We take the soundscape around us for granted. The sound of the MRT train cabin at 9:30pm Saturday night. People talking. Shoes shifting. The intercom in four languages. The swooshing of the speeding train. The sound of Citylink. The sound of slippers coming down the stairs. The sound of a lady walking, compared to the sound of a man walking. When we hear something, it instantly triggers a heuristic, a memory set, an automatic action. Layers upon layers of sounds intertwine into a set soundscape that we hear on a regular basis, and thus are able to filter it out.

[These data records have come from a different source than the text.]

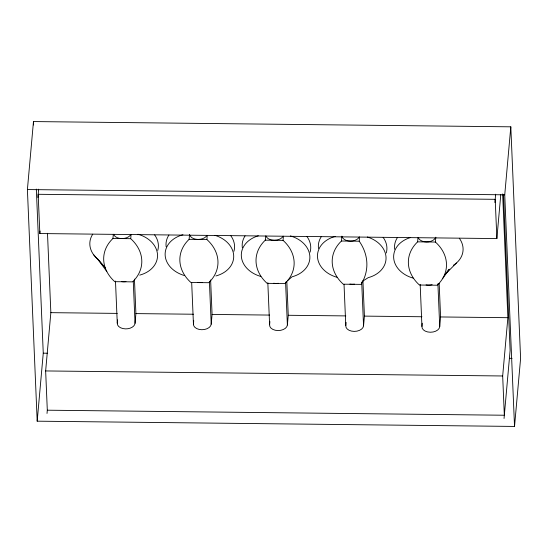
<?xml version="1.0" encoding="UTF-8"?>
<svg xmlns="http://www.w3.org/2000/svg" width="548" height="548" viewBox="0 0 548 548"><rect width="100%" height="100%" fill="white"/><g stroke="black" fill="none" stroke-linecap="round" stroke-linejoin="round"><path stroke-width="0.82" d="M27.4 189.56L33.469 121.567L510.811 126.821L520.6 358.44L514.531 426.433L37.189 421.179L27.4 189.56L504.742 194.821L510.811 126.821M37.887 197.52L38.634 189.17M500.783 194.656L496.865 238.579L39.84 233.544L40.066 231.009M37.189 421.179L43.258 353.179L36.326 189.081M47.018 413.439L47.306 410.199L45.648 370.941L50.848 312.661L47.491 233.29M131.075 234.64L130.712 238.688A43.573 33.524 5.1 0 1 132.541 281.871L114.765 281.672A43.573 33.524 5.1 0 1 112.943 238.49L113.306 234.441M134.445 279.11L135.904 313.6L135.041 323.313A8.905 5.658 -2.4 0 1 125.643 328.882A8.905 5.658 -2.4 0 1 117.265 323.115L117.553 319.881M207.247 235.476L206.884 239.524A43.573 33.524 5.1 0 1 208.713 282.706L190.937 282.515A43.573 33.524 5.1 0 1 189.115 239.332L189.546 234.476M210.617 279.946L212.076 314.436L211.206 324.149A8.905 5.658 -2.4 0 1 201.815 329.718A8.905 5.658 -2.4 0 1 193.437 323.957L193.725 320.717M283.419 236.318L283.056 240.367A43.573 33.524 5.1 0 1 284.885 283.549L267.109 283.35A43.573 33.524 5.1 0 1 265.287 240.168L265.643 236.12M286.823 281.631L288.248 315.278L287.378 324.991A8.905 5.658 -2.4 0 1 277.987 330.56A8.905 5.658 -2.4 0 1 269.609 324.793L269.897 321.56M359.591 237.154L359.228 241.202A61.664 47.443 5.1 0 1 361.057 284.385L343.281 284.193A43.573 33.524 5.1 0 1 341.459 241.01L341.89 236.154M362.927 280.781L364.42 316.114L363.55 325.827A8.905 5.658 -2.4 0 1 354.159 331.396A8.905 5.658 -2.4 0 1 345.781 325.635L346.069 322.395M435.831 237.188L435.4 242.045A43.573 33.524 5.1 0 1 437.229 285.227L419.453 285.029A43.573 33.524 5.1 0 1 417.624 241.846L417.987 237.798M439.167 283.309L440.592 316.956L439.722 326.67A8.905 5.658 -2.4 0 1 430.331 332.239A8.905 5.658 -2.4 0 1 421.946 326.471L422.241 323.238M494.913 202.555L495.659 194.204M47.306 410.199L504.331 415.233L502.674 375.976L507.873 317.696L502.646 193.951M504.044 418.473L510.113 350.48L503.509 194.3M442.489 278.768L449.36 269.191M446.332 272.705L448.826 269.582M444.339 275.206L456.395 263.047M287.769 280.446L292.057 276.802A28.119 21.632 5.1 0 0 309.867 256.567A28.119 21.632 5.1 0 0 290.33 235.921M362.934 281.014L368.229 277.644A28.119 21.632 5.1 0 0 386.045 257.738A28.119 21.632 5.1 0 0 367.318 237.003M112.943 238.49L130.712 238.688M189.115 239.332L206.884 239.524M265.287 240.168L283.056 240.367M341.459 241.01L359.228 241.202M417.624 241.846L435.4 242.045M50.848 312.661L117.279 313.394M135.904 313.6L193.458 314.23M212.076 314.436L269.63 315.073M288.248 315.278L345.802 315.908M364.42 316.114L421.967 316.751M440.592 316.956L507.873 317.696M43.258 353.179L47.539 353.227M509.482 358.317L512.044 358.344M45.648 370.941L502.674 375.976M93.598 254.704L105.195 267.725L97.749 259.094A28.119 21.632 5.1 0 1 92.728 234.215M97.749 259.094L106.798 271.486M504.742 194.821L514.531 426.433M496.865 238.579L495.207 199.321L38.175 194.287L39.84 233.544M437.907 283.768L439.722 326.67M420.172 284.412L421.946 326.471M361.701 282.083L363.55 325.827M344.034 284.412L345.781 325.635M285.57 282.09L287.378 324.991M267.828 282.734L269.609 324.793M209.398 281.247L211.206 324.149M191.69 282.734L193.437 323.957M133.26 281.247L135.041 323.313M115.484 281.056L117.265 323.115M33.469 121.567L33.613 124.985M130.787 234.482A8.905 5.658 -2.4 0 1 121.827 238.586A8.905 5.658 -2.4 0 1 113.621 234.291M206.959 235.325A8.905 5.658 -2.4 0 1 197.999 239.428A8.905 5.658 -2.4 0 1 189.793 235.133M202.144 282.446A8.905 5.658 -2.4 0 1 197.54 282.391M283.131 236.161A8.905 5.658 -2.4 0 1 274.171 240.264A8.905 5.658 -2.4 0 1 265.965 235.976M278.316 283.282A8.905 5.658 -2.4 0 1 273.712 283.234M359.303 237.003A8.905 5.658 -2.4 0 1 350.343 241.106A8.905 5.658 -2.4 0 1 342.13 236.811M354.488 284.124A8.905 5.658 -2.4 0 1 349.884 284.07M435.475 237.839A8.905 5.658 -2.4 0 1 426.515 241.942A8.905 5.658 -2.4 0 1 418.302 237.654M432.146 284.638A8.905 5.658 -2.4 0 1 426.056 284.912M230.804 235.736A28.119 21.632 5.1 0 1 233.941 251.285M242.312 247.621A28.119 21.632 5.1 0 1 245.072 235.893M318.484 248.456A28.119 21.632 5.1 0 1 321.244 236.736M306.976 236.578A28.119 21.632 5.1 0 1 310.113 252.128M394.656 249.299A28.119 21.632 5.1 0 1 397.416 237.572M383.148 237.414A28.119 21.632 5.1 0 1 386.285 252.964M459.32 238.257A28.119 21.632 5.1 0 1 453.354 265.294M154.632 234.9A28.119 21.632 5.1 0 1 157.769 250.45M166.14 246.778A28.119 21.632 5.1 0 1 168.9 235.058M137.986 234.243A28.119 21.632 5.1 0 1 157.523 254.889A28.119 21.632 5.1 0 1 139.719 275.123M214.974 235.325A28.119 21.632 5.1 0 1 233.708 256.06A28.119 21.632 5.1 0 1 215.891 275.966M184.676 275.623A28.119 21.632 5.1 0 1 165.14 254.978A28.119 21.632 5.1 0 1 182.95 234.743M260.848 276.459A28.119 21.632 5.1 0 1 241.332 256.149A28.119 21.632 5.1 0 1 258.327 235.804M337.02 277.302A28.119 21.632 5.1 0 1 317.484 256.656A28.119 21.632 5.1 0 1 335.287 236.421M413.192 278.137A28.119 21.632 5.1 0 1 393.67 257.827A28.119 21.632 5.1 0 1 410.671 237.483M125.972 281.604A8.905 5.658 -2.4 0 1 121.368 281.556"/></g></svg>
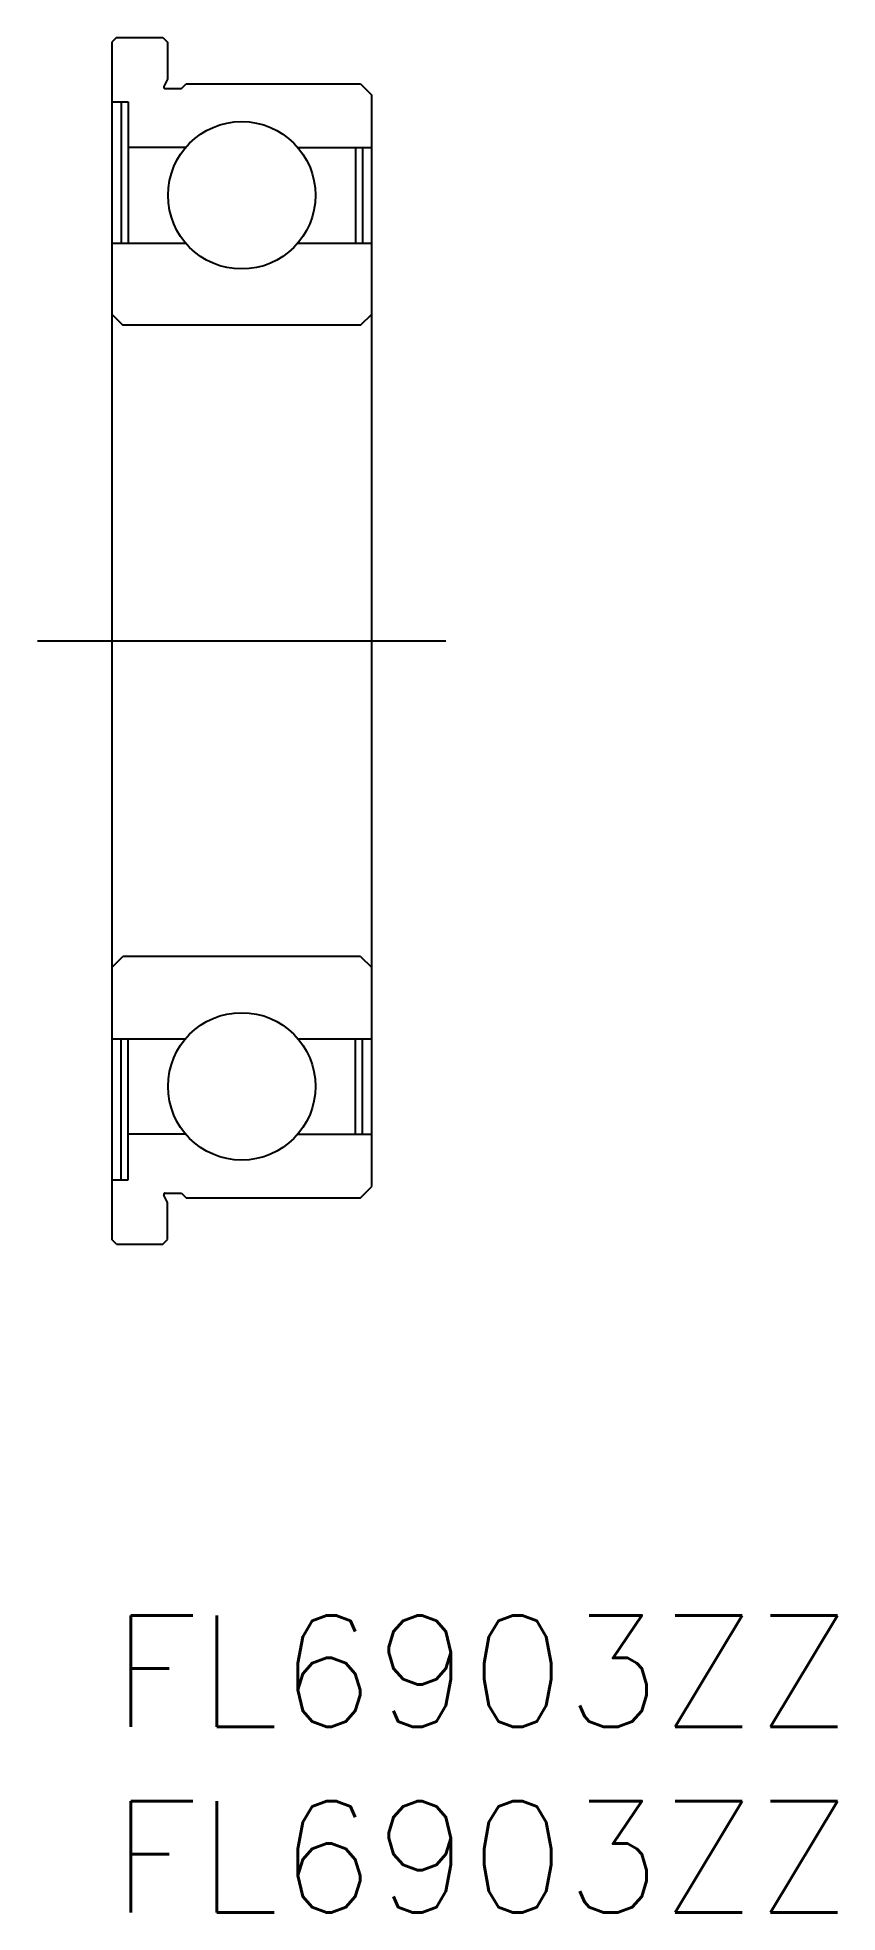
# Model space of a CAD drawing. Extents: x -2 to 19.5, y -8 to 42.5.
import ezdxf

# ---------------------------------------------------------------- set-up
doc = ezdxf.new("R2010")
doc.units = 0
doc.header["$LTSCALE"] = 0.5
doc.linetypes.add('CENTER', pattern=[50.8, 31.75, -6.35, 6.35, -6.35])
for name, color, linetype in [('MSM_CENTER', 1, 'CENTER'), ('MSM_CONTINUOUS', 7, 'CONTINUOUS'), ('MSM_PART_NUMBER', 7, 'CONTINUOUS')]:
    doc.layers.add(name, color=color, linetype=linetype)
doc.styles.get("Standard").update_dxf_attribs({"font": 'txt.shx', "height": 3, "bigfont": 'bigfont.shx'})

# ---------------------------------------------------------------- blocks, each defined once
blk = doc.blocks.new('*U2')
at = {"layer": 'MSM_PART_NUMBER'}
blk.add_text('FL6903ZZ', height=3, dxfattribs=at).set_placement((0, -3))
blk = doc.blocks.new('*U3')
at = {"layer": 'MSM_PART_NUMBER'}
blk.add_text('FL6903ZZ', height=3, dxfattribs=at).set_placement((0, -8))

msp = doc.modelspace()

# ---------------------------------------------------------------- linework, layer by layer
at = {"layer": 'MSM_CENTER'}
msp.add_line((-2, 26.25), (9, 26.25), dxfattribs=at)
at = {"layer": 'MSM_CONTINUOUS'}
for p, q in [((0.125, 42.5), (0, 42.375)), ((0.125, 42.5), (1.375, 42.5)), ((1.375, 42.5), (1.5, 42.375)), ((0, 42.375), (0, 10.125)), ((1.5, 42.375), (1.5, 41.375)), ((1.5, 41.375), (1.402, 41.179)), ((1.436, 41.125), (1.875, 41.125)), ((1.875, 41.125), (2, 41.25)), ((2, 41.25), (6.7, 41.25)), ((6.7, 41.25), (7, 40.95)), ((7, 11.55), (7, 40.95)), ((0, 40.77), (0.438, 40.77)), ((0.25, 40.77), (0.25, 36.965)), ((0.438, 40.77), (0.438, 36.965)), ((1.987, 39.535), (0.438, 39.535)), ((5.013, 39.535), (7, 39.535)), ((6.562, 39.535), (6.562, 36.965)), ((6.75, 39.535), (6.75, 36.965)), ((0, 36.965), (1.987, 36.965)), ((5.013, 36.965), (7, 36.965)), ((0, 35.05), (0.3, 34.75)), ((6.7, 34.75), (7, 35.05)), ((6.7, 34.75), (0.3, 34.75)), ((0, 17.45), (0.3, 17.75)), ((6.7, 17.75), (0.3, 17.75)), ((6.7, 17.75), (7, 17.45)), ((0, 15.535), (1.987, 15.535)), ((0.25, 11.73), (0.25, 15.535)), ((0.438, 11.73), (0.438, 15.535)), ((5.013, 15.535), (7, 15.535)), ((6.562, 12.965), (6.562, 15.535)), ((6.75, 12.965), (6.75, 15.535)), ((1.987, 12.965), (0.438, 12.965)), ((5.013, 12.965), (7, 12.965)), ((0, 11.73), (0.438, 11.73)), ((1.5, 11.125), (1.402, 11.321)), ((1.436, 11.375), (1.875, 11.375)), ((1.5, 10.125), (1.5, 11.125)), ((1.875, 11.375), (2, 11.25)), ((2, 11.25), (6.7, 11.25)), ((6.7, 11.25), (7, 11.55)), ((0.125, 10), (0, 10.125)), ((1.375, 10), (1.5, 10.125)), ((0.125, 10), (1.375, 10))]:
    msp.add_line(p, q, dxfattribs=at)
for centre in [(3.5, 38.25), (3.5, 14.25)]:
    msp.add_circle(centre, 1.985, dxfattribs=at)
for centre, start, end in [((1.436, 41.162), 153.4349, 270), ((1.436, 11.338), 90, 206.5651)]:
    msp.add_arc(centre, 0.0375, start, end, dxfattribs=at)

# ---------------------------------------------------------------- block references
for name in ['*U2', '*U3']:
    msp.add_blockref(name, (0, 0), dxfattribs=at)

doc.saveas('drawing.dxf')

Saturday was lovely. I closed my eyes in the busy MRT train cabin and just listened. Holding a can of green tea, I walked silently in Tanjong Pagar, the area I grew up in, and just listened to the thickness of sound around me. The chirping of insects. Jazz music from a near-by club. Metal doors from stores closing up for the night.

It brought back memories of me, 12 years old, playing trauant from Sunday service every Sunday, running along the concrete path towards the near-by hotel's pharmacy, and trying on make-up from sample palettes. It brought back memories of shopping in the supermarket, and giggling over strawberry flavour condoms along the aisles because we thought they were sweets. It brought back memories of Sunday luncheons in the grotty old hawker centre. It brought back some nostalgic smiles, but mostly painful memories. I have resisted coming to that area for eight years because of what it reminded me of, and now I feel like I have came full circle back. Not any older or wiser.

And all these just came from standing still in the darkness, and listening.

Wednesday, June 21, 2006

A Bit of an Alkie, eh

Most of my friends drink a lot more when they are studying overseas because a) its cheaper and b) your dorm mate cares a lot less if you stumble home drunk than your parents. Being a freak of nature, I don’t seem to be able to indulge in any alcoholism overseas, but once I’m back in Singapore, I find it hard to count my alcohol free days. Not like I’m getting pissing drunk at all, just that I guess in Singapore it’s kinda a holiday for me and with meeting friends over 18 years old, our social transaction often happens over a cocktail. Oh and Singapore has ladies nights, which means free flow of alcohol.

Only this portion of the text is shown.